The answers to all these questions, and may more, can be found in this amazing and richly-textured little book. It shows how our wonderful Indian cuisine, with all its regional variants, is the outcome of food plants brought into India from numerous directions over thousands of years. How food occupied an important niche in the natural cycle. And of a social ethic in which cleanliness was indeed next to godliness.
About the Author:
Dr Achaya is a leading food scientist and nutritionist. He is India's leading authority on food history and has many publications to his credit. His vast knowledge and fund of 'food' anecdotes are complemented by his engaging narrative style.
Preface:
Behind any of the foods that we eat every day, lies history and geography, botany and genetics, processing technology and high romance.
The ingredients of the food themselves have come to us from so many parts of the world. Some of them have travelled across continents and across oceans. For thousands of years, food plants have made their way to India to be adopted, adapted, nurtured and cherished here. Visitors to our country from ancient times, whether Greek or Chinese, Arab or European, have expressed their astonishment at the wide variety of food that they found in India, and its sheer profusion.
We still cook our food in ways developed by our predecessors. The ethos of food preparation, and the attention to cleanliness and purity are, in large measure, an Aryan inheritance that goes back three thousand years. For the last one thousand years, another culture, that of the Muslims, entered our country and gave new and richer dimensions to Indian cooking.

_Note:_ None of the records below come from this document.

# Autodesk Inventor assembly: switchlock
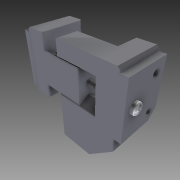
[picture p0: Inventor's stored thumbnail of the model, 180x180]
Saved by Autodesk Inventor 2015 (Build 190159000, 159)
## iProperties
Created: 2020-09-06
Part Number: switchlock
Document SubType Name: Assembly
Designer: penta
Author: penta
## Documents named in this file (7)
- C:\Users\penta\Documents\ArduinoBTAlarm\switchlock.iam
- C:\Users\penta\Documents\ArduinoBTAlarm\switchlock1l.ipt
- C:\Users\penta\Documents\ArduinoBTAlarm\switchlock1r.ipt
- C:\Users\penta\Documents\ArduinoBTAlarm\switchlock2l.ipt
- C:\Users\penta\Documents\ArduinoBTAlarm\switchlock2r.ipt
- C:\Users\penta\Documents\ArduinoBTAlarm\switchlock\디자인 액셀러레이터\볼트 연결1.iam
- C:\Users\penta\Documents\Inventor\Content Center Files\R2015\ko-KR\ISO 4036(2)\ISO 4036 - M2.5(2).ipt
## Components (6 placed, 6 different names)
1. switchlock1l:1 — 원통형:1
2. switchlock1r:1 — 원통형:1, 강체:3
3. switchlock2l:1 — 메이트:1, 메이트:2
4. switchlock2r:1
5. 볼트 연결:1 [sub-assembly] — 메이트:1, 메이트:2, 메이트:3
6. ISO 4036 M2.5:1 — 메이트:3, 강체:3
## Relationships (7: WeldJoint 3, Mate 3, CylindricalJoint 1)
- [WeldJoint]: switchlock1r:1 ↔ switchlock2r:1
- [WeldJoint]: switchlock1l:1 ↔ switchlock2l:1
- 원통형:1 [CylindricalJoint]: switchlock1l:1 ↔ switchlock1r:1
- 메이트:1 [Mate]: switchlock2l:1 ↔ 볼트 연결:1
- 메이트:2 [Mate]: switchlock2l:1 ↔ 볼트 연결:1
- 메이트:3 [Mate]: 볼트 연결:1 ↔ ISO 4036 M2.5:1
- 강체:3 [WeldJoint]: switchlock1r:1 ↔ ISO 4036 M2.5:1
## Named parameters: d = 8 mm
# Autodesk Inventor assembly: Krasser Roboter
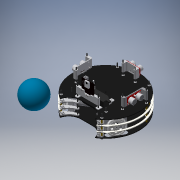
[picture p0: Inventor's stored thumbnail of the model, 180x180]
Saved by Autodesk Inventor 2018 (Build 220112000, 112)
## iProperties
Created: 2019-03-04
Part Number: Krasser Roboter
Material: Generisch
Document SubType Name: Assembly
Designer: RedBots
Mass: 1130.14 g
Surface Area: 3109.1 cm^2
Volume: 625.212 cm^3
Density: 1.80761 g/cm^3
Author: RedBots
## Documents named in this file (30)
- C:\Users\RedBots\Desktop\FinalRobot\Krasser Roboter.iam
- C:\Users\RedBots\Desktop\FinalRobot\Bodenplatine.ipt
- C:\Users\RedBots\Desktop\FinalRobot\motorhalterung 3.0.ipt
- C:\Users\RedBots\Desktop\FinalRobot\Gewindestange M3x100mm.ipt
- C:\Users\RedBots\Desktop\FinalRobot\Gewindestange M3x70mm.ipt
- C:\Users\RedBots\Desktop\FinalRobot\alu_ring_pesus.ipt
- C:\Users\RedBots\Desktop\FinalRobot\Fake Rad.ipt
- C:\Users\RedBots\Desktop\FinalRobot\Hauptplatine.ipt
- C:\Users\RedBots\Desktop\FinalRobot\Akku.ipt
- C:\Users\RedBots\Desktop\FinalRobot\Akkuhalterung.ipt
- C:\Users\RedBots\Desktop\FinalRobot\Schraube M3x8 SK.ipt
- C:\Users\RedBots\Desktop\FinalRobot\Motor\Motormaxon_PN_B7453F27107C.iam
- C:\Users\RedBots\Desktop\FinalRobot\Abstandshalter 15mm.ipt
- C:\Users\RedBots\Desktop\FinalRobot\LED 3mm.ipt
- C:\Users\RedBots\Desktop\FinalRobot\Halterung Lichtschranke rechts.ipt
- C:\Users\RedBots\Desktop\FinalRobot\Ball.ipt
- C:\Users\RedBots\Desktop\FinalRobot\Halterung Lichtschranke links.ipt
- C:\Users\RedBots\Desktop\FinalRobot\Abstandshalter 12mm.ipt
- C:\Users\RedBots\Desktop\FinalRobot\SRF08.ipt
- C:\Users\RedBots\Desktop\FinalRobot\US Halterung hinten.ipt
- C:\Users\RedBots\Desktop\FinalRobot\Pinhead 5.ipt
- C:\Users\RedBots\Desktop\FinalRobot\Schraube M3x8 LK.ipt
- C:\Users\RedBots\Desktop\FinalRobot\US Halterung rechts.ipt
- C:\Users\RedBots\Desktop\FinalRobot\US Halterung links.ipt
- C:\Users\RedBots\Desktop\FinalRobot\Pixy 2.iam
- C:\Users\RedBots\Desktop\FinalRobot\Pixy 2 Halterung.ipt
- C:\Users\RedBots\Desktop\FinalRobot\Abstandshalter US Sensor.ipt
- C:\Users\RedBots\Desktop\FinalRobot\Schraube M3x10 LK.ipt
- C:\Users\RedBots\Desktop\FinalRobot\Scheibe M3 Polyamid.ipt
- C:\Users\RedBots\Desktop\FinalRobot\Sicherungsmutter M3.ipt
## Components (131 placed, 30 different names)
1. Ball:1 — Passend:142, Passend:143
2. Abstandshalter US Sensor:1 — Passend:222, Passend:224, Passend:226
3. Abstandshalter US Sensor:2 — Passend:223, Passend:225
4. Bodenplatine:1 — Passend:16, Passend:17, Fluchtend:1, Fluchtend:2, Passend:18, Passend:19, Passend:20, Fluchtend:3, Fluchtend:4, Passend:21, Passend:22, Passend:23, Fluchtend:5, Fluchtend:6, Passend:24, Passend:25, Passend:26, Passend:27, Passend:28, Passend:29, Passend:30, Passend:31, Passend:32, Fluchtend:7, Fluchtend:8, Fluchtend:9, Fluchtend:10, Fluchtend:11, Fluchtend:12, Fluchtend:13, Fluchtend:14, Passend:100, Passend:102, Passend:105, Passend:106, Passend:143, Passend:157, Passend:158, Passend:262, Passend:263, Passend:264, Passend:265, Passend:266, Passend:267, Passend:268, Passend:269, Passend:270, Passend:271, Passend:272, Passend:273, Passend:274, Passend:275
5. Hauptplatine:1 — Passend:48, Passend:49, Passend:50, Passend:53, Passend:54, Passend:61, Passend:63, Passend:168, Passend:181, Passend:202, Passend:210, Passend:238, Passend:239, Passend:240, Passend:241, Passend:242, Passend:243, Passend:244, Passend:245, Passend:246, Passend:247, Passend:304
6. Gewindestange M3x100mm:1 — Passend:15, Passend:22, Fluchtend:6, Passend:169, Passend:233, Passend:255, Passend:284
7. Gewindestange M3x100mm:2 — Passend:14, Passend:23, Fluchtend:5, Passend:167, Passend:232, Passend:254, Passend:281
8. Gewindestange M3x100mm:8 — Passend:28, Fluchtend:8, Passend:62, Passend:128, Passend:137, Passend:140, Passend:209, Passend:250, Passend:293
9. Gewindestange M3x100mm:11 — Passend:26, Fluchtend:9, Passend:60, Passend:130, Passend:134, Passend:138, Passend:208, Passend:261, Passend:276
10. Gewindestange M3x100mm:12 — Passend:13, Passend:17, Fluchtend:2, Passend:179, Passend:235, Passend:258, Passend:292
11. Gewindestange M3x70mm:2 — Passend:12, Passend:16, Fluchtend:1, Passend:259, Passend:299
12. Gewindestange M3x100mm:14 — Passend:11, Passend:20, Fluchtend:3, Passend:203, Passend:229, Passend:251, Passend:278
13. Gewindestange M3x70mm:9 — Passend:10, Passend:19, Fluchtend:4, Passend:228, Passend:249, Passend:296
14. Gewindestange M3x70mm:1 — Passend:25, Fluchtend:10, Passend:33, Passend:36, Passend:49, Passend:86, Passend:87, Passend:112, Passend:131, Passend:135, Passend:139, Passend:234, Passend:260, Passend:298
15. Gewindestange M3x70mm:10 — Passend:29, Fluchtend:7, Passend:34, Passend:37, Passend:50, Passend:92, Passend:93, Passend:113, Passend:129, Passend:136, Passend:141, Passend:227, Passend:248, Passend:300
16. Gewindestange M3x100mm:15 — Passend:30, Fluchtend:14, Passend:94, Passend:95, Passend:114, Passend:204, Passend:230, Passend:252, Passend:280
17. Gewindestange M3x70mm:5 — Passend:32, Fluchtend:12, Passend:90, Passend:91, Passend:116, Passend:237, Passend:256, Passend:288
18. Gewindestange M3x70mm:6 — Passend:31, Fluchtend:13, Passend:96, Passend:97, Passend:117, Passend:231, Passend:253, Passend:285
19. Gewindestange M3x100mm:13 — Passend:27, Fluchtend:11, Passend:88, Passend:89, Passend:115, Passend:180, Passend:236, Passend:257, Passend:289
20. Ring unten — Passend:33, Passend:34, Passend:101, Passend:103, Passend:104, Passend:107, Passend:110, Passend:156, Passend:159
21. Ring oben — Passend:36, Passend:37, Passend:111, Passend:118, Passend:119, Passend:120, Passend:121, Passend:132, Passend:133
22. Fake Rad:1 — Tangential:2, Passend:75, Fluchtend:23
23. Fake Rad:2 — Tangential:1, Passend:70, Fluchtend:22
24. Fake Rad:3 — Passend:76, Fluchtend:24
25. Akku:1 — Passend:59, Passend:64, Fluchtend:18
26. Akkuhalterung:1 — Passend:54, Passend:62, Passend:63
27. Akkuhalterung:2 — Passend:53, Passend:59, Passend:60, Passend:61, Passend:64, Fluchtend:18
28. Motormaxon_PN_B7453F27107C:3 [sub-assembly] — Passend:68, Passend:69, Passend:70, Fluchtend:22, Passend:85
29. Motormaxon_PN_B7453F27107C:1 [sub-assembly] — Passend:71, Passend:72, Passend:75, Fluchtend:23, Passend:84
30. Motormaxon_PN_B7453F27107C:2 [sub-assembly] — Passend:73, Passend:74, Passend:76, Fluchtend:24, Passend:80, Passend:81, Passend:82, Passend:83
31. Abstandshalter 12mm:3 — Passend:86, Passend:98
32. Abstandshalter 12mm:2 — Passend:87, Passend:99
33. Abstandshalter 12mm:5 — Passend:93, Passend:109
34. Abstandshalter 12mm:6 — Passend:92, Passend:108, Passend:110
35. Abstandshalter 12mm:1 — Passend:112, Passend:122
36. Abstandshalter 12mm:4 — Passend:113, Passend:123
37. Abstandshalter 15mm:3 — Passend:97, Passend:104
38. Abstandshalter 15mm:4 — Passend:95, Passend:107, Passend:111
39. Abstandshalter 15mm:5 — Passend:96, Passend:105
40. Abstandshalter 15mm:6 — Passend:94, Passend:106
41. Abstandshalter 15mm:7 — Passend:88, Passend:101
42. Abstandshalter 15mm:8 — Passend:89, Passend:100
43. Abstandshalter 15mm:9 — Passend:90, Passend:102
44. Abstandshalter 15mm:10 — Passend:91, Passend:103
45. Abstandshalter 15mm:14 — Passend:115, Passend:121
46. Abstandshalter 15mm:16 — Passend:114, Passend:119
47. Abstandshalter 15mm:17 — Passend:116, Passend:120
48. Abstandshalter 15mm:18 — Passend:117, Passend:118
49. Halterung Lichtschranke links:1 — Passend:130, Passend:131, Passend:132, Passend:144, Passend:145, Passend:122
50. Halterung Lichtschranke links:2 — Passend:134, Passend:135, Passend:146, Passend:154, Passend:156, Passend:99
51. Halterung Lichtschranke rechts:2 — Passend:136, Passend:137, Passend:149, Passend:152, Passend:159, Passend:109
52. Halterung Lichtschranke links:3 — Passend:138, Passend:139, Passend:147, Passend:155, Passend:157, Passend:98
53. Halterung Lichtschranke rechts:3 — Passend:140, Passend:141, Passend:150, Passend:153, Passend:158, Passend:108
54. Halterung Lichtschranke rechts:1 — Passend:128, Passend:129, Passend:133, Passend:148, Passend:151, Passend:123
55. LED 3mm:1 — Passend:144, Passend:145
56. LED 3mm:2 — Passend:150, Passend:153
57. LED 3mm:3 — Passend:149, Passend:152
58. LED 3mm:4 — Passend:147, Passend:155
59. LED 3mm:5 — Passend:146, Passend:154
60. LED 3mm:6 — Passend:148, Passend:151
61. Schraube M3x10 LK:3
62. Schraube M3x10 LK:2
63. Schraube M3x10 LK:1
64. Pixy 2 Halterung:1 — Passend:208, Passend:209, Passend:210, Passend:212, Passend:213, Passend:214, Passend:215
65. Pixy 2:2 [sub-assembly] — Passend:212, Passend:213, Passend:214, Passend:215
66. Scheibe M3 Polyamid:1 — Passend:236, Passend:240
67. Scheibe M3 Polyamid:2 — Passend:235, Passend:239
68. Scheibe M3 Polyamid:3 — Passend:227, Passend:243
69. Scheibe M3 Polyamid:4 — Passend:234, Passend:238
70. Scheibe M3 Polyamid:6 — Passend:237, Passend:304
71. Scheibe M3 Polyamid:7 — Passend:233, Passend:247
72. Scheibe M3 Polyamid:8 — Passend:232, Passend:245
73. Scheibe M3 Polyamid:9 — Passend:231, Passend:246
74. Scheibe M3 Polyamid:10 — Passend:228, Passend:241
75. Scheibe M3 Polyamid:11 — Passend:229, Passend:242
76. Scheibe M3 Polyamid:12 — Passend:230, Passend:244
77. Scheibe M3 Polyamid:13 — Passend:251, Passend:265, Passend:279
78. Scheibe M3 Polyamid:14 — Passend:256, Passend:270, Passend:291
79. Scheibe M3 Polyamid:15 — Passend:248, Passend:262, Passend:303
80. Scheibe M3 Polyamid:16 — Passend:249, Passend:263, Passend:297
81. Scheibe M3 Polyamid:17 — Passend:260, Passend:275, Passend:301
82. Scheibe M3 Polyamid:18 — Passend:261, Passend:273, Passend:277
83. Scheibe M3 Polyamid:19 — Passend:258, Passend:272, Passend:295
84. Scheibe M3 Polyamid:20 — Passend:254, Passend:268, Passend:283
85. Scheibe M3 Polyamid:21 — Passend:255, Passend:269, Passend:286
86. Scheibe M3 Polyamid:22 — Passend:253, Passend:267, Passend:287
87. Scheibe M3 Polyamid:23 — Passend:259, Passend:274, Passend:302
88. Scheibe M3 Polyamid:24 — Passend:257, Passend:271, Passend:290
89. Scheibe M3 Polyamid:25 — Passend:252, Passend:266, Passend:282
90. Scheibe M3 Polyamid:26 — Passend:250, Passend:264, Passend:294
91. Sicherungsmutter M3:1 — Passend:288, Passend:291
92. Sicherungsmutter M3:2 — Passend:289, Passend:290
93. Sicherungsmutter M3:3 — Passend:278, Passend:279
94. Sicherungsmutter M3:4 — Passend:285, Passend:287
95. Sicherungsmutter M3:5 — Passend:284, Passend:286
96. Sicherungsmutter M3:6 — Passend:276, Passend:277
97. Sicherungsmutter M3:7 — Passend:280, Passend:282
98. Sicherungsmutter M3:8 — Passend:281, Passend:283
99. Sicherungsmutter M3:9 — Passend:296, Passend:297
100. Sicherungsmutter M3:10 — Passend:293, Passend:294
101. Sicherungsmutter M3:11 — Passend:292, Passend:295
102. Sicherungsmutter M3:12 — Passend:298, Passend:301
103. Sicherungsmutter M3:13 — Passend:299, Passend:302
104. Sicherungsmutter M3:14 — Passend:300, Passend:303
105. Schraube M3x8 SK:1 — Fluchtend:19, Passend:67
106. Schraube M3x8 SK:2 — Fluchtend:20, Passend:66
107. Schraube M3x8 SK:3 — Fluchtend:21, Passend:65
108. motorhalterung 3.0:1 — Passend:12, Passend:13, Passend:18, Fluchtend:19, Fluchtend:20, Fluchtend:21, Passend:65, Passend:66, Passend:67, Passend:71, Passend:72, Passend:84
109. motorhalterung 3.0:2 — Passend:14, Passend:15, Passend:24, Passend:68, Passend:69, Passend:77, Passend:78, Passend:79, Fluchtend:25, Fluchtend:26, Fluchtend:27, Passend:85
110. Schraube M3x8 SK:4 — Passend:77, Fluchtend:26
111. Schraube M3x8 SK:5 — Passend:78, Fluchtend:27
112. Schraube M3x8 SK:6 — Passend:79, Fluchtend:25
113. motorhalterung 3.0:3 — Passend:10, Passend:11, Passend:21, Passend:48, Passend:73, Passend:74, Passend:83, Fluchtend:28, Fluchtend:29, Fluchtend:30
114. Schraube M3x8 SK:7 — Passend:81, Fluchtend:28
115. Schraube M3x8 SK:8 — Passend:82, Fluchtend:30
116. Schraube M3x8 SK:9 — Passend:80, Fluchtend:29
117. Pinhead 5:1 — Passend:164, Passend:165, Passend:166
118. SRF08:3 — Passend:164, Passend:165, Passend:166, Passend:170, Passend:171, Passend:172, Passend:173, Passend:174, Passend:175, Passend:224, Passend:225
119. US Halterung hinten:1 — Passend:167, Passend:168, Passend:169, Passend:170, Passend:171, Passend:226
120. Schraube M3x8 LK:1 — Passend:173, Passend:174, Passend:223
121. Schraube M3x8 LK:2 — Passend:172, Passend:175, Passend:222
122. SRF08:2 — Passend:182, Passend:183, Passend:184, Passend:185, Passend:186, Passend:187, Passend:188, Passend:189
123. US Halterung rechts:1 — Passend:179, Passend:180, Passend:181, Passend:182, Passend:190, Passend:191
124. Pinhead 5:2 — Passend:183, Passend:184, Passend:185
125. Schraube M3x8 LK:3 — Passend:186, Passend:188, Passend:191
126. Schraube M3x8 LK:4 — Passend:187, Passend:189, Passend:190
127. SRF08:1 — Passend:195, Passend:196, Passend:197, Passend:198, Passend:199, Passend:200, Passend:201, Passend:205
128. Pinhead 5:3 — Passend:195, Passend:196, Passend:197
129. Schraube M3x8 LK:5 — Passend:199, Passend:201, Passend:207
130. Schraube M3x8 LK:6 — Passend:198, Passend:200, Passend:206
131. US Halterung links:1 — Passend:202, Passend:203, Passend:204, Passend:205, Passend:206, Passend:207
## Relationships (292: Mate 263, Flush 27, Tangent 2)
- Passend:10 [Mate]: Gewindestange M3x70mm:9 ↔ motorhalterung 3.0:3
- Passend:11 [Mate]: Gewindestange M3x100mm:14 ↔ motorhalterung 3.0:3
- Passend:12 [Mate]: Gewindestange M3x70mm:2 ↔ motorhalterung 3.0:1
- Passend:13 [Mate]: Gewindestange M3x100mm:12 ↔ motorhalterung 3.0:1
- Passend:14 [Mate]: Gewindestange M3x100mm:2 ↔ motorhalterung 3.0:2
- Passend:15 [Mate]: Gewindestange M3x100mm:1 ↔ motorhalterung 3.0:2
- Passend:16 [Mate]: Bodenplatine:1 ↔ Gewindestange M3x70mm:2
- Passend:17 [Mate]: Bodenplatine:1 ↔ Gewindestange M3x100mm:12
- Fluchtend:1 [Flush] (-5 mm): Bodenplatine:1 ↔ Gewindestange M3x70mm:2
- Fluchtend:2 [Flush] (-5 mm): Bodenplatine:1 ↔ Gewindestange M3x100mm:12
- Passend:18 [Mate]: Bodenplatine:1 ↔ motorhalterung 3.0:1
- Passend:19 [Mate]: Bodenplatine:1 ↔ Gewindestange M3x70mm:9
- Passend:20 [Mate]: Bodenplatine:1 ↔ Gewindestange M3x100mm:14
- Fluchtend:3 [Flush] (-5 mm): Bodenplatine:1 ↔ Gewindestange M3x100mm:14
- Fluchtend:4 [Flush] (5 mm): Bodenplatine:1 ↔ Gewindestange M3x70mm:9
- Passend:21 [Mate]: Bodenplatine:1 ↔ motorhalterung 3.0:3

Frying pans, kadhais and tandoori ovens go back thousands of years. So do mechanical appliances for pounding, grinding and the pressing of sugarcane juice and vegetable oils.
In the last five hundred years, from Mexico and South America, came food materials that we now take for granted, like the groundnut and cashew nut, potato and tomato, and yes, even the chilli! All of which today no Indian household can do without.
This little book has been written to help you share some of the excitement that lies behind the food of India, and the magnificent culinary legacy we have inherited.